Et aussi désactiver le mode "Association" en appuyant sur le bouton sous la Livebox. Voir le guide.


----------



## LYDA (7 Octobre 2006)

je viens de lire le livret de la liveBox pour mac inventel , page 31 il est écrit que en mode Wifi la diode ( comme un micro, clignote) . Celle de ma liveB ne clignote pas donc je ne serais pas en en WIFI mais seulement en Ethernet ????

Voilà je stop car je crains des problèmes si je reste devant l'ordi..quelques mn seulement pour lire le forum.
Merci à tous.
Lyda


----------



## supermoquette (7 Octobre 2006)

Utilise le principe de la cage de faraday


----------



## bompi (8 Octobre 2006)

_cf._ Gene Hackman dans "The Conversation" de Francis Ford Coppola. Grand acteur, grand film. Assez grande cage de Faraday 

PS : Son personnage est plus ou moins repris dans "Ennemy of the state" et il me semble que, l&#224; encore, il a une cage de Faraday.


----------



## LYDA (8 Octobre 2006)

Bonjour

Si je le pouvais je le ferais( la cage)... malheusement je ne suis pas au cinéma.

Le soir j'éteinds tout ce qui concerne l'ordi. Je viens de remettre le courant et j'ai regardé ce qui clignotait sur la LIVEBox lorsqu'elle se connecte. 
En fait , tout clignote, même la diode WIFI.J'ai vite refermé le couvercle du coffre métallique et j'ai ouvert la fenêtre( c'est peut-être bête..mais ça ne coûte rien de le faire).

J'ai mis l'écran à 1 m de moi.

Je signale que hier, en étant restée qu'une petite heure devant l'ordi ( en 3 fois, quelques mn et j'éteinds), je n'ai pas eu la main droite brûlante.. seulement une sensation de chaleur qui m'envahie le buste et la tête... à éviter au maxi !, je stop et je sors prendre l'air.

Je viens de mettre 2 feuilles d'alu dans le gant de toilette qui me sert de protection pour la souris( pas facile pour manipuler).

Voilà, je donne tous ces renseignements car cela peut-être servira à d'autres.

Lyda


----------



## chandler_jf (8 Octobre 2006)

C'est clair que d'ouvrir la fen&#234;tre ne va pas changer grand chose (par avance d&#233;sol&#233; R&#233;mi d'&#234;tre dubitatif sur ce coup).

Lydia : y a t il une raison pour que tu ne prennes pas un simple modem ethernet chez Wanadoo au lieu de prendre la LB ? Tu peux nous dire quel ordinateur tu as stp.


----------



## alèm (8 Octobre 2006)

chandler_jf a dit:


> C'est clair que d'ouvrir la fenêtre ne va pas changer grand chose (par avance désolé Rémi d'être dubitatif sur ce coup).



_pourtant, ça aére grave les idées... et la pièce.    _


----------



## LYDA (8 Octobre 2006)

chandler_jf a dit:


> C'est clair que d'ouvrir la fenêtre ne va pas changer grand chose (par avance désolé Rémi d'être dubitatif sur ce coup).
> 
> Lydia : y a t il une raison pour que tu ne prennes pas un simple modem ethernet chez Wanadoo au lieu de prendre la LB ? Tu peux nous dire quel ordinateur tu as stp.



-----------------------------
Bonjour

J'ai le téléphone illimité avec la livebox.
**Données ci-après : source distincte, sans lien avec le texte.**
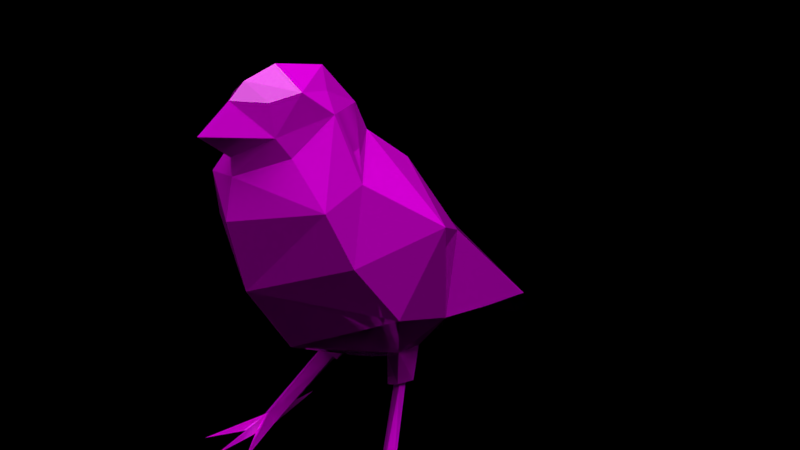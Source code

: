 # Source: bullfinch.blend  (saved by Blender 2.79.0; exported with 4.5.12 LTS)
import bpy
from mathutils import Matrix  # noqa: F401  (used for matrix-valued properties, if any)

bpy.ops.wm.read_factory_settings(use_empty=True)
scene = bpy.context.scene
scene.name = 'Scene'

# ---- collections
col_collection_1 = bpy.data.collections.new('Collection 1'); scene.collection.children.link(col_collection_1)

# ---- images (referenced by path relative to the original .blend; pixels are not part of the script)
import os
ASSET_DIR = os.environ.get("B2B_ASSET_DIR", "")  # directory of the original .blend (textures are referenced by path, not embedded)
HERE = os.path.dirname(os.path.abspath(__file__))  # packed textures are extracted next to this script under _unpacked/

def load_image(name, relpath, width, height, colorspace="sRGB"):
    """Load a texture the original file referenced (path relative to the .blend, or extracted next to this script)."""
    p = next((c for c in (os.path.join(HERE, relpath), os.path.join(ASSET_DIR, relpath)) if relpath and os.path.exists(c)), "")
    if p:
        img = bpy.data.images.load(p, check_existing=True)
        img.name = name
    else:  # same state as the original file: an image datablock whose file is absent (Cycles renders it pink)
        img = bpy.data.images.new(name, width, height)
        img.source = "FILE"
        img.filepath = "//" + (relpath or name)
    img.colorspace_settings.name = colorspace
    return img
img_bullfinch = load_image('bullfinch', 'bullfinch.png', 1024, 1024, 'sRGB')

# ---- materials (node trees are filled in below, after node groups)
mat_bullfinch_tex = bpy.data.materials.new('bullfinch_tex')
mat_bullfinch_tex.alpha_threshold = 0.0
mat_bullfinch_tex.roughness = 0.5

# ---- material node trees
mat_bullfinch_tex.use_nodes = True; mat_bullfinch_tex.node_tree.nodes.clear()
_N = mat_bullfinch_tex.node_tree.nodes; _L = mat_bullfinch_tex.node_tree.links
n0 = _N.new('ShaderNodeOutputMaterial'); n0.name = 'Material Output'; n0.location = (300, 300)
n1 = _N.new('ShaderNodeUVMap'); n1.name = 'UV Map'; n1.location = (-505, 87)
n1.uv_map = 'UVMap'
n2 = _N.new('ShaderNodeTexImage'); n2.name = 'Image Texture'; n2.location = (-318, 298)
n2.width = 140
n2.image = img_bullfinch
n3 = _N.new('ShaderNodeBsdfPrincipled'); n3.name = 'Principled BSDF'; n3.location = (12, 332)
n3.width = 150
n3.subsurface_method = 'BURLEY'
n3.inputs[2].default_value = 0.0
n3.inputs[3].default_value = 1.45
n3.inputs[9].default_value = (1.0, 1.0, 1.0)
n3.inputs[13].default_value = 0.625
_L.new(n3.outputs[0], n0.inputs[0])
_L.new(n1.outputs[0], n2.inputs[0])
_L.new(n2.outputs[0], n3.inputs[0])
n0.is_active_output = True

# ---- world
world_world = bpy.data.worlds.new('World'); scene.world = world_world
world_world.use_nodes = True; world_world.node_tree.nodes.clear()
_N = world_world.node_tree.nodes; _L = world_world.node_tree.links
world_world.color = (0.05088, 0.05088, 0.05088)
world_world.use_sun_shadow = False
world_world.sun_shadow_jitter_overblur = 0.0
world_world.cycles.sampling_method = 'MANUAL'

# ---- lights
light_sun_006 = bpy.data.lights.new('Sun.006', 'SUN')
light_sun_006.transmission_factor = 0.0
light_sun_006.angle = 1.402
light_sun_006.energy = 3.1
light_sun_006.shadow_buffer_clip_start = 0.5
light_sun_006.shadow_soft_size = 0.844
light_sun_006.shadow_cascade_max_distance = 1000.0

# ---- meshes
me_plane_plane_4 = bpy.data.meshes.new('Plane_Plane_4')
me_plane_plane_4.from_pydata([(0.008236, 0.02995, 0.02118), (0.01298, 0.02127, 0.01932), (0.01149, 0.02203, 0.02493), (0.02001, 0.04048, 0.02941), (0.0, 0.02745, 0.02364), (-0.03294, 0.08706, 0.02304), (-0.02766, 0.08571, 0.05779), (-0.02226, 0.1067, 0.04775), (-0.02031, 0.07296, 5.2e-05), (-0.02915, 0.05135, 0.01699), (0.0, 0.09328, 0.000774), (0.0, 0.07439, -0.01024), (0.01711, 0.03823, -0.01689), (0.02915, 0.05135, 0.01699), (0.01282, 0.03335, -0.01416), (0.01718, 0.03528, 0.01561), (0.0, 0.02502, -0.00209), (0.0, 0.01926, -0.03685), (-0.03176, 0.06353, 0.04308), (0.03294, 0.08706, 0.02304), (0.02031, 0.07296, 5.2e-05), (0.02147, 0.03705, -0.01676), (0.03176, 0.06353, 0.04308), (0.008898, 0.03005, 0.01438), (0.01971, 0.02556, 0.02149), (0.01808, 0.02638, 0.02758), (0.01372, 0.02208, 0.02076), (0.01334, 0.02275, 0.0239), (0.01735, 0.02544, 0.02567), (0.0175, 0.02471, 0.02276), (-0.01718, 0.03528, 0.01561), (-0.01282, 0.03335, -0.01416), (-0.008898, 0.03005, 0.01438), (-0.008236, 0.02995, 0.02118), (-0.01808, 0.02638, 0.02758), (-0.01149, 0.02203, 0.02493), (-0.02001, 0.04048, 0.02941), (-0.01971, 0.02556, 0.02149), (-0.01298, 0.02127, 0.01932), (-0.0175, 0.02471, 0.02276), (-0.01372, 0.02208, 0.02076), (-0.01735, 0.02544, 0.02567), (-0.01334, 0.02275, 0.0239), (-0.02147, 0.03705, -0.01676), (-0.01711, 0.03823, -0.01689), (0.02226, 0.1067, 0.04775), (0.02766, 0.08571, 0.05779), (0.0, 0.1092, 0.02059), (0.0, 0.1194, 0.02551), (0.0, 0.1275, 0.08645), (0.008967, 0.1234, 0.06745), (0.0, 0.1341, 0.07487), (0.0, 0.1182, 0.07567), (-0.008967, 0.1234, 0.06745), (0.008967, 0.1234, 0.06745), (0.0, 0.1125, 0.0758), (0.01142, 0.117, 0.06399), (0.01271, 0.1253, 0.04808), (0.02266, 0.1036, 0.06338), (0.0, 0.1001, 0.07905), (0.0, 0.07558, 0.07374), (0.02766, 0.08571, 0.05779), (0.03176, 0.06353, 0.04308), (0.0, 0.1194, 0.02551), (0.02226, 0.1067, 0.04775), (0.0, 0.04823, 0.05729), (0.02001, 0.04048, 0.02941), (0.0, 0.02745, 0.02364), (0.02915, 0.05135, 0.01699), (0.01372, 0.02208, 0.02076), (0.02564, 0.002901, 0.03791), (0.02396, -7e-06, 0.0444), (0.01334, 0.02275, 0.0239), (0.02617, 0.003837, 0.04493), (0.02803, 0.0, 0.05251), (0.03635, 0.0, 0.06507), (0.01757, 0.0, 0.06427), (0.02487, 0.0, 0.05249), (0.02853, -5e-06, 0.04474), (0.02989, -7e-06, 0.0444), (0.02693, 0.0, 0.02168), (0.02576, -4e-06, 0.0449), (0.01735, 0.02544, 0.02567), (0.0175, 0.02471, 0.02276), (0.02677, 0.0, 0.06892), (0.01718, 0.03528, 0.01561), (-0.01372, 0.02208, 0.02076), (-0.02564, 0.002901, 0.03791), (-0.0175, 0.02471, 0.02276), (-0.02617, 0.003837, 0.04493), (-0.01334, 0.02275, 0.0239), (-0.01735, 0.02544, 0.02567), (-0.02001, 0.04048, 0.02941), (-0.02915, 0.05135, 0.01699), (-0.01718, 0.03528, 0.01561), (-0.03176, 0.06353, 0.04308), (-0.02989, -7e-06, 0.0444), (-0.02693, 0.0, 0.02168), (-0.02396, -7e-06, 0.0444), (-0.02677, 0.0, 0.06892), (-0.02487, 0.0, 0.05249), (-0.02803, 0.0, 0.05251), (-0.01757, 0.0, 0.06427), (-0.02853, -5e-06, 0.04474), (-0.02576, -4e-06, 0.0449), (-0.03635, 0.0, 0.06507), (-0.02266, 0.1036, 0.06338), (-0.02226, 0.1067, 0.04775), (-0.02766, 0.08571, 0.05779), (-0.01271, 0.1253, 0.04808), (-0.01142, 0.117, 0.06399), (-0.008967, 0.1234, 0.06745), (-0.008967, 0.1234, 0.06745), (0.0, 0.1125, 0.0758), (0.0, 0.1182, 0.07567), (0.008967, 0.1234, 0.06745), (0.01083, 0.02858, -0.04127), (0.0, 0.000255, -0.06945), (0.01751, 0.000268, -0.07702), (0.0, 0.000268, -0.07702), (0.0, 0.02858, -0.04127), (0.0, 0.01926, -0.03685), (-0.01083, 0.02858, -0.04127), (-0.01751, 0.000268, -0.07702), (-0.006113, 0.1297, 0.04398), (0.0, 0.1194, 0.02551), (-0.01271, 0.1253, 0.04808), (-0.009745, 0.1337, 0.05743), (0.0, 0.1347, 0.03918), (-0.006836, 0.1328, 0.06693), (0.009745, 0.1337, 0.05743), (0.006836, 0.1328, 0.06693), (0.006113, 0.1297, 0.04398), (0.01271, 0.1253, 0.04808), (0.0, 0.138, 0.06909), (0.0, 0.1398, 0.05743), (0.0, 0.1341, 0.07487), (0.02031, 0.07296, 5.2e-05), (0.02915, 0.05135, 0.01699), (0.02147, 0.03705, -0.01676), (0.0, 0.07439, -0.01024), (0.01288, 0.02235, -0.05333), (0.01282, 0.03335, -0.01416), (0.01711, 0.03823, -0.01689), (-0.02147, 0.03705, -0.01676), (-0.01288, 0.02235, -0.05333), (-0.01711, 0.03823, -0.01689), (-0.01282, 0.03335, -0.01416), (-0.02031, 0.07296, 5.2e-05), (-0.02915, 0.05135, 0.01699)], [], [(0, 1, 2), (3, 4, 0), (5, 6, 7), (5, 8, 9), (10, 11, 8), (12, 13, 14), (13, 15, 14), (14, 16, 17), (5, 9, 18), (10, 8, 5), (10, 19, 20), (13, 12, 21), (19, 22, 13), (23, 24, 1), (23, 0, 4), (3, 24, 15), (0, 25, 3), (26, 27, 2, 1), (27, 28, 25, 2), (28, 29, 24, 25), (29, 26, 1, 24), (0, 23, 1), (23, 15, 24), (3, 25, 24), (0, 2, 25), (23, 4, 16), (15, 23, 16), (15, 16, 14), (10, 20, 11), (30, 31, 16), (30, 16, 32), (32, 16, 4), (33, 34, 35), (36, 37, 34), (32, 37, 30), (33, 38, 32), (39, 37, 38, 40), (41, 34, 37, 39), (42, 35, 34, 41), (40, 38, 35, 42), (33, 36, 34), (36, 30, 37), (32, 4, 33), (32, 38, 37), (19, 13, 20), (9, 43, 44), (19, 45, 46), (19, 46, 22), (47, 45, 19), (31, 17, 16), (9, 31, 30), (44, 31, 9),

J'a un MAC OS X 10,3-9 Panther

Depuis ce matin je débranche la LB, j'écris mes messages sans être connectée, je les mets dans brouillon et je les envoie en rebranchant pendant quelques instant.En même temps je lis vos messages.

J'ai lu les dégats que pouvaient faire les ondes sur des personnes fragilisée comme moi. Je n'ai pas envie de me retrouver pendant 1 mois1/2 à l'hôpital pour me faire réparer mon " unité centrale"... le cerveau !.
J'ai aussi mis mon téléphone mobile sous "cloche"... on ne sait jamais... Je ne suis pas parano , j'ai trop souffert il n'y a pas longtemps, je n'ai pas envie de remettre ça.

J'espère que l'ordi non connecté ne donne pas d'onde !

Merci à tous.

Lyda


----------



## LYDA (8 Octobre 2006)

Portable_et_Sante_Nantes_bien_etre_monalisette_next_up_7_04_2006.pdf

A lire . lyda


----------



## Vertume (8 Octobre 2006)

LYDA a dit:


> -----------------------------
> Bonjour
> 
> J'ai le téléphone illimité avec la livebox. J'a un MAC OS X 10,3-9 Panther
> ...



hein? si tu veux éviter les ondes éléctromagnétiques, va falloir que tu songes a aller faire tes courses avec un scaphandre, pasqu'on en est naturellement bombardé de toutes parts...


----------



## LYDA (9 Octobre 2006)

http://www.who.int/peh-emf/about/WhatisEMF/fr/index1.html

http://www.who.int/peh-emf/about/WhatisEMF/fr/index.html

Je le sais mais j'ai espoir que les spécialistes vont me trouver une solution.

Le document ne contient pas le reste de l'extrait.